Only an exact repetition is needed: the lines from the start of the listing below through the line that contains "#19=CARTESIAN_POINT('',(147.75360594,111.17399406,0.));", pictures omitted.

— Source material —
◆ ◆ ◆ ◆
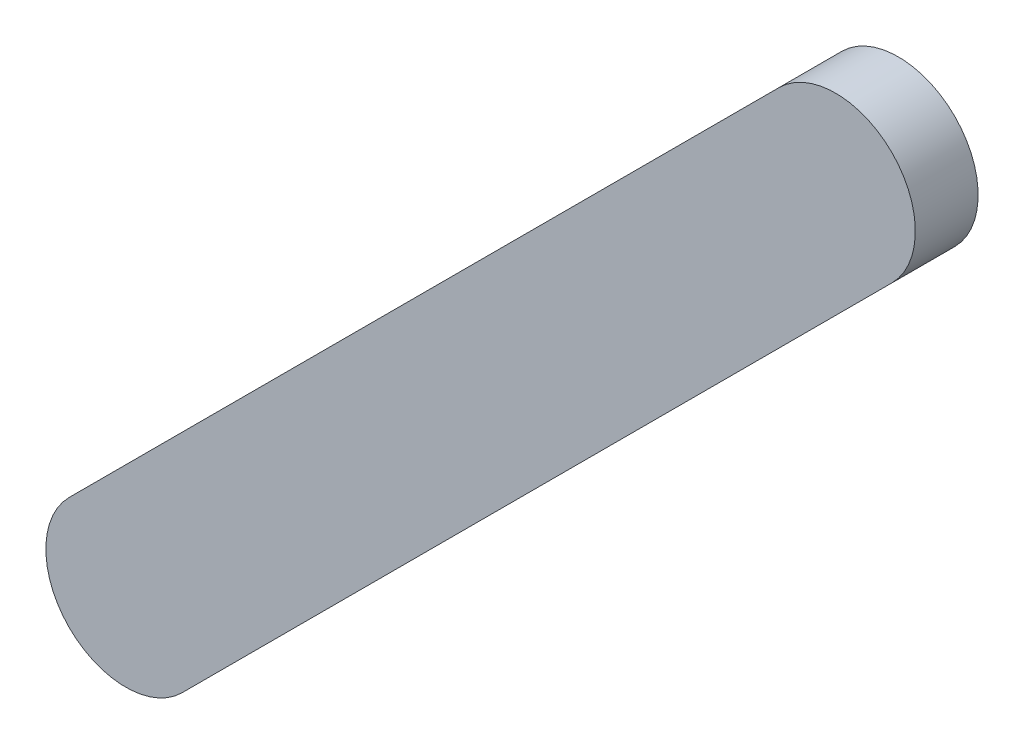
ISO-10303-21;
HEADER;
FILE_DESCRIPTION(('STEP AP214'),'2;1');
FILE_NAME('part.step','',(''),(''),'','','');
FILE_SCHEMA(('AUTOMOTIVE_DESIGN { 1 0 10303 214 1 1 1 1 }'));
ENDSEC;
DATA;
#1=APPLICATION_CONTEXT('core data for automotive mechanical design processes');
#2=APPLICATION_PROTOCOL_DEFINITION('international standard','automotive_design',2000,#1);
#3=PRODUCT_CONTEXT('',#1,'mechanical');
#4=PRODUCT('Part','Part','',(#3));
#5=PRODUCT_RELATED_PRODUCT_CATEGORY('part','',(#4));
#6=PRODUCT_DEFINITION_FORMATION('','',#4);
#7=PRODUCT_DEFINITION_CONTEXT('part definition',#1,'design');
#8=PRODUCT_DEFINITION('design','',#6,#7);
#9=PRODUCT_DEFINITION_SHAPE('','',#8);
#10=(LENGTH_UNIT() NAMED_UNIT(*) SI_UNIT(.MILLI.,.METRE.));
#11=(NAMED_UNIT(*) PLANE_ANGLE_UNIT() SI_UNIT($,.RADIAN.));
#12=(NAMED_UNIT(*) SI_UNIT($,.STERADIAN.) SOLID_ANGLE_UNIT());
#13=UNCERTAINTY_MEASURE_WITH_UNIT(LENGTH_MEASURE(1.E-05),#10,'distance_accuracy_value','');
#14=(GEOMETRIC_REPRESENTATION_CONTEXT(3) GLOBAL_UNCERTAINTY_ASSIGNED_CONTEXT((#13)) GLOBAL_UNIT_ASSIGNED_CONTEXT((#10,
#11,#12)) REPRESENTATION_CONTEXT('',''));
#15=CARTESIAN_POINT('',(0.,0.,0.));
#16=DIRECTION('',(0.,0.,1.));
#17=DIRECTION('',(1.,0.,0.));
#18=AXIS2_PLACEMENT_3D('',#15,#16,#17);
#19=CARTESIAN_POINT('',(147.75360594,111.17399406,0.));
#20=DIRECTION('',(-0.70710678118655,0.707106781186545,0.));
#21=DIRECTION('',(0.707106781186545,0.70710678118655,0.));
#22=AXIS2_PLACEMENT_3D('',#19,#20,#21);
#23=PLANE('',#22);
#24=DIRECTION('',(0.707106781186545,0.70710678118655,0.));
#25=VECTOR('',#24,1.);
#26=CARTESIAN_POINT('',(147.75360594,111.17399406,0.1999996));
#27=LINE('',#26,#25);
#28=CARTESIAN_POINT('',(147.75360594,111.17399406,0.1999996));
#29=VERTEX_POINT('',#28);
#30=CARTESIAN_POINT('',(150.01420594,113.43459406,0.1999996));
#31=VERTEX_POINT('',#30);
#32=EDGE_CURVE('E11',#29,#31,#27,.T.);
#33=ORIENTED_EDGE('',*,*,#32,.F.);
#34=DIRECTION('',(0.,0.,1.));
#35=VECTOR('',#34,1.);
#36=CARTESIAN_POINT('',(147.75360594,111.17399406,0.));
#37=LINE('',#36,#35);
#38=CARTESIAN_POINT('',(147.75360594,111.17399406,0.));
#39=VERTEX_POINT('',#38);
#40=EDGE_CURVE('E24',#39,#29,#37,.T.);
#41=ORIENTED_EDGE('',*,*,#40,.F.);
#42=DIRECTION('',(0.707106781186545,0.70710678118655,0.));
#43=VECTOR('',#42,1.);
#44=CARTESIAN_POINT('',(147.75360594,111.17399406,0.));
#45=LINE('',#44,#43);
#46=CARTESIAN_POINT('',(150.01420594,113.43459406,0.));
#47=VERTEX_POINT('',#46);
#48=EDGE_CURVE('E75',#39,#47,#45,.T.);
#49=ORIENTED_EDGE('',*,*,#48,.T.);
#50=DIRECTION('',(0.,0.,1.));
#51=VECTOR('',#50,1.);
#52=CARTESIAN_POINT('',(150.01420594,113.43459406,0.));
#53=LINE('',#52,#51);
#54=EDGE_CURVE('E37',#47,#31,#53,.T.);
#55=ORIENTED_EDGE('',*,*,#54,.T.);
#56=EDGE_LOOP('',(#33,#41,#49,#55));
#57=FACE_BOUND('',#56,.T.);
#58=ADVANCED_FACE('F17',(#57),#23,.F.);
#59=CARTESIAN_POINT('',(149.8346,113.6142,0.));
#60=DIRECTION('',(0.,0.,-1.));
#61=DIRECTION('',(0.707106781186576,-0.70710678118652,0.));
#62=AXIS2_PLACEMENT_3D('',#59,#60,#61);
#63=CYLINDRICAL_SURFACE('',#62,0.254001156230774);
#64=CARTESIAN_POINT('',(149.8346,113.6142,0.1999996));
#65=DIRECTION('',(0.,0.,1.));
#66=DIRECTION('',(0.707106781186576,-0.70710678118652,0.));
#67=AXIS2_PLACEMENT_3D('',#64,#65,#66);
#68=CIRCLE('',#67,0.254001156230774);
#69=CARTESIAN_POINT('',(149.65499406,113.79380594,0.1999996));
#70=VERTEX_POINT('',#69);
#71=EDGE_CURVE('E83',#31,#70,#68,.T.);
#72=ORIENTED_EDGE('',*,*,#71,.F.);
#73=ORIENTED_EDGE('',*,*,#54,.F.);
#74=CARTESIAN_POINT('',(149.8346,113.6142,0.));
#75=DIRECTION('',(0.,0.,1.));
#76=DIRECTION('',(0.707106781186576,-0.70710678118652,0.));
#77=AXIS2_PLACEMENT_3D('',#74,#75,#76);
#78=CIRCLE('',#77,0.254001156230774);
#79=CARTESIAN_POINT('',(149.65499406,113.79380594,0.));
#80=VERTEX_POINT('',#79);
#81=EDGE_CURVE('E81',#47,#80,#78,.T.);
#82=ORIENTED_EDGE('',*,*,#81,.T.);
#83=DIRECTION('',(0.,0.,1.));
#84=VECTOR('',#83,1.);
#85=CARTESIAN_POINT('',(149.65499406,113.79380594,0.));
#86=LINE('',#85,#84);
#87=EDGE_CURVE('E67',#80,#70,#86,.T.);
#88=ORIENTED_EDGE('',*,*,#87,.T.);
#89=EDGE_LOOP('',(#72,#73,#82,#88));
#90=FACE_BOUND('',#89,.T.);
#91=ADVANCED_FACE('F89',(#90),#63,.T.);
#92=CARTESIAN_POINT('',(149.65499406,113.79380594,0.));
#93=DIRECTION('',(0.70710678118655,-0.707106781186545,0.));
#94=DIRECTION('',(-0.707106781186545,-0.70710678118655,0.));
#95=AXIS2_PLACEMENT_3D('',#92,#93,#94);
#96=PLANE('',#95);
#97=DIRECTION('',(-0.707106781186545,-0.70710678118655,0.));
#98=VECTOR('',#97,1.);
#99=CARTESIAN_POINT('',(149.65499406,113.79380594,0.1999996));
#100=LINE('',#99,#98);
#101=CARTESIAN_POINT('',(147.39439406,111.53320594,0.1999996));
#102=VERTEX_POINT('',#101);
#103=EDGE_CURVE('E71',#70,#102,#100,.T.);
#104=ORIENTED_EDGE('',*,*,#103,.F.);
#105=ORIENTED_EDGE('',*,*,#87,.F.);
#106=DIRECTION('',(-0.707106781186545,-0.70710678118655,0.));
#107=VECTOR('',#106,1.);
#108=CARTESIAN_POINT('',(149.65499406,113.79380594,0.));
#109=LINE('',#108,#107);
#110=CARTESIAN_POINT('',(147.39439406,111.53320594,0.));
#111=VERTEX_POINT('',#110);
#112=EDGE_CURVE('E63',#80,#111,#109,.T.);
#113=ORIENTED_EDGE('',*,*,#112,.T.);
#114=DIRECTION('',(0.,0.,1.));
#115=VECTOR('',#114,1.);
#116=CARTESIAN_POINT('',(147.39439406,111.53320594,0.));
#117=LINE('',#116,#115);
#118=EDGE_CURVE('E53',#111,#102,#117,.T.);
#119=ORIENTED_EDGE('',*,*,#118,.T.);
#120=EDGE_LOOP('',(#104,#105,#113,#119));
#121=FACE_BOUND('',#120,.T.);
#122=ADVANCED_FACE('F66',(#121),#96,.F.);
#123=CARTESIAN_POINT('',(147.574,111.3536,0.));
#124=DIRECTION('',(0.,0.,-1.));
#125=DIRECTION('',(-0.707106781186576,0.70710678118652,0.));
#126=AXIS2_PLACEMENT_3D('',#123,#124,#125);
#127=CYLINDRICAL_SURFACE('',#126,0.254001156230774);
#128=CARTESIAN_POINT('',(147.574,111.3536,0.1999996));
#129=DIRECTION('',(0.,0.,1.));
#130=DIRECTION('',(-0.707106781186576,0.70710678118652,0.));
#131=AXIS2_PLACEMENT_3D('',#128,#129,#130);
#132=CIRCLE('',#131,0.254001156230774);
#133=EDGE_CURVE('E59',#102,#29,#132,.T.);
#134=ORIENTED_EDGE('',*,*,#133,.F.);
#135=ORIENTED_EDGE('',*,*,#118,.F.);
#136=CARTESIAN_POINT('',(147.574,111.3536,0.));
#137=DIRECTION('',(0.,0.,1.));
#138=DIRECTION('',(-0.707106781186576,0.70710678118652,0.));
#139=AXIS2_PLACEMENT_3D('',#136,#137,#138);
#140=CIRCLE('',#139,0.254001156230774);
#141=EDGE_CURVE('E57',#111,#39,#140,.T.);
#142=ORIENTED_EDGE('',*,*,#141,.T.);
#143=ORIENTED_EDGE('',*,*,#40,.T.);
#144=EDGE_LOOP('',(#134,#135,#142,#143));
#145=FACE_BOUND('',#144,.T.);
#146=ADVANCED_FACE('F55',(#145),#127,.T.);
#147=CARTESIAN_POINT('',(147.75360594,111.17399406,0.));
#148=DIRECTION('',(0.,0.,-1.));
#149=DIRECTION('',(-1.,0.,0.));
#150=AXIS2_PLACEMENT_3D('',#147,#148,#149);
#151=PLANE('',#150);
#152=ORIENTED_EDGE('',*,*,#141,.F.);
#153=ORIENTED_EDGE('',*,*,#112,.F.);
#154=ORIENTED_EDGE('',*,*,#81,.F.);
#155=ORIENTED_EDGE('',*,*,#48,.F.);
#156=EDGE_LOOP('',(#152,#153,#154,#155));
#157=FACE_BOUND('',#156,.T.);
#158=ADVANCED_FACE('F74',(#157),#151,.T.);
#159=CARTESIAN_POINT('',(147.75360594,111.17399406,0.1999996));
#160=DIRECTION('',(0.,0.,-1.));
#161=DIRECTION('',(-1.,0.,0.));
#162=AXIS2_PLACEMENT_3D('',#159,#160,#161);
#163=PLANE('',#162);
#164=ORIENTED_EDGE('',*,*,#32,.T.);
#165=ORIENTED_EDGE('',*,*,#71,.T.);
#166=ORIENTED_EDGE('',*,*,#103,.T.);
#167=ORIENTED_EDGE('',*,*,#133,.T.);
#168=EDGE_LOOP('',(#164,#165,#166,#167));
#169=FACE_BOUND('',#168,.T.);
#170=ADVANCED_FACE('F91',(#169),#163,.F.);
#171=CLOSED_SHELL('',(#58,#91,#122,#146,#158,#170));
#172=MANIFOLD_SOLID_BREP('B1',#171);
#173=ADVANCED_BREP_SHAPE_REPRESENTATION('',(#18,#172),#14);
#174=SHAPE_DEFINITION_REPRESENTATION(#9,#173);
ENDSEC;
END-ISO-10303-21;
◆ ◆ ◆ ◆
— Solution for this task —
ISO-10303-21;
HEADER;
FILE_DESCRIPTION(('STEP AP214'),'2;1');
FILE_NAME('part.step','',(''),(''),'','','');
FILE_SCHEMA(('AUTOMOTIVE_DESIGN { 1 0 10303 214 1 1 1 1 }'));
ENDSEC;
DATA;
#1=APPLICATION_CONTEXT('core data for automotive mechanical design processes');
#2=APPLICATION_PROTOCOL_DEFINITION('international standard','automotive_design',2000,#1);
#3=PRODUCT_CONTEXT('',#1,'mechanical');
#4=PRODUCT('Part','Part','',(#3));
#5=PRODUCT_RELATED_PRODUCT_CATEGORY('part','',(#4));
#6=PRODUCT_DEFINITION_FORMATION('','',#4);
#7=PRODUCT_DEFINITION_CONTEXT('part definition',#1,'design');
#8=PRODUCT_DEFINITION('design','',#6,#7);
#9=PRODUCT_DEFINITION_SHAPE('','',#8);
#10=(LENGTH_UNIT() NAMED_UNIT(*) SI_UNIT(.MILLI.,.METRE.));
#11=(NAMED_UNIT(*) PLANE_ANGLE_UNIT() SI_UNIT($,.RADIAN.));
#12=(NAMED_UNIT(*) SI_UNIT($,.STERADIAN.) SOLID_ANGLE_UNIT());
#13=UNCERTAINTY_MEASURE_WITH_UNIT(LENGTH_MEASURE(1.E-05),#10,'distance_accuracy_value','');
#14=(GEOMETRIC_REPRESENTATION_CONTEXT(3) GLOBAL_UNCERTAINTY_ASSIGNED_CONTEXT((#13)) GLOBAL_UNIT_ASSIGNED_CONTEXT((#10,
#11,#12)) REPRESENTATION_CONTEXT('',''));
#15=CARTESIAN_POINT('',(0.,0.,0.));
#16=DIRECTION('',(0.,0.,1.));
#17=DIRECTION('',(1.,0.,0.));
#18=AXIS2_PLACEMENT_3D('',#15,#16,#17);
#19=CARTESIAN_POINT('',(147.75360594,111.17399406,0.));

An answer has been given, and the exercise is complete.